WORK TO COMPLETE:
Produce an exact copy of the line containing "point P10 (150, 485)" and of every line after it in the material below, ending with the final line.

MATERIAL SHOWN:
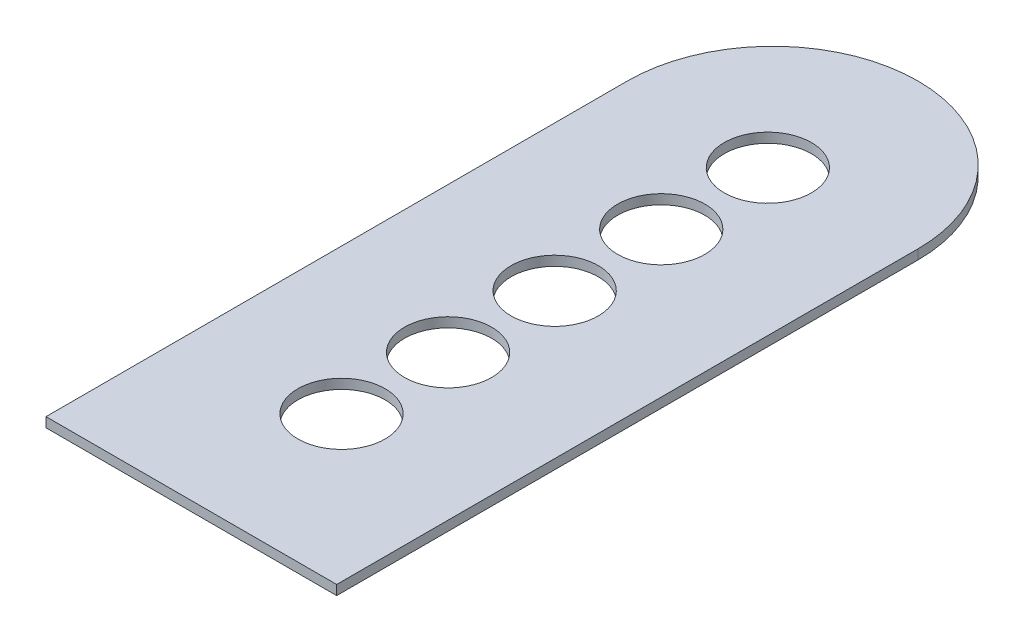
SolidWorks part; units mm, degrees
ref_plane "Plan de face" through (0, 0, 0) normal (0, 0, 1) x (1, 0, 0)
ref_plane "Plan de dessus" through (0, 0, 0) normal (0, 1, 0) x (1, 0, 0)
ref_plane "Plan de droite" through (0, 0, 0) normal (1, 0, 0) x (0, 0, -1)
sketch "Esquisse1" plane through (0, 0, 0) normal (0, 1, 0) x (1, 0, 0)
  line L0 (0, 0) -> (0, 600)
  line L1 (0, 0) -> (300, 0)
  line L2 (150, 0) -> (150, 750) construction
  line L3 (300, 0) -> (300, 600)
  line L4 (0, 600) -> (0, 750) construction
  arc A0 (300, 600) -> (0, 600) centre (150, 600) ccw
  circle A1 centre (150, 155) radius 45
  circle A2 centre (150, 265) radius 45
  circle A3 centre (150, 375) radius 45
  circle A4 centre (150, 485) radius 45
  circle A5 centre (150, 595) radius 45
  arc A7 (0, 150) -> (150, 0) centre (150, 150) ccw construction
  arc A8 (150, 0) -> (300, 150) centre (150, 150) ccw construction
  point P6 (150, 155)
  point P8 (150, 265)
  point P10 (150, 485)
  point P11 (150, 595)
  dimension "D10" = 90
  dimension "D11" = 90
  dimension "D12" = 90
  dimension "D13" = 90
  dimension "D14" = 90
  dimension "D1" = 750
  dimension "D2" = 150
  dimension "D3" = 150
  dimension "D4" = 150
  dimension "D5" = 155
  dimension "D6" = 110
  dimension "D7" = 110
  dimension "D8" = 110
  dimension "D9" = 155
extrude "Boss.-Extru.1" add sketch "Esquisse1" along normal blind 10

RESULT OF THE EXERCISE:
  point P10 (150, 485)
  point P11 (150, 595)
  dimension "D10" = 90
  dimension "D11" = 90
  dimension "D12" = 90
  dimension "D13" = 90
  dimension "D14" = 90
  dimension "D1" = 750
  dimension "D2" = 150
  dimension "D3" = 150
  dimension "D4" = 150
  dimension "D5" = 155
  dimension "D6" = 110
  dimension "D7" = 110
  dimension "D8" = 110
  dimension "D9" = 155
extrude "Boss.-Extru.1" add sketch "Esquisse1" along normal blind 10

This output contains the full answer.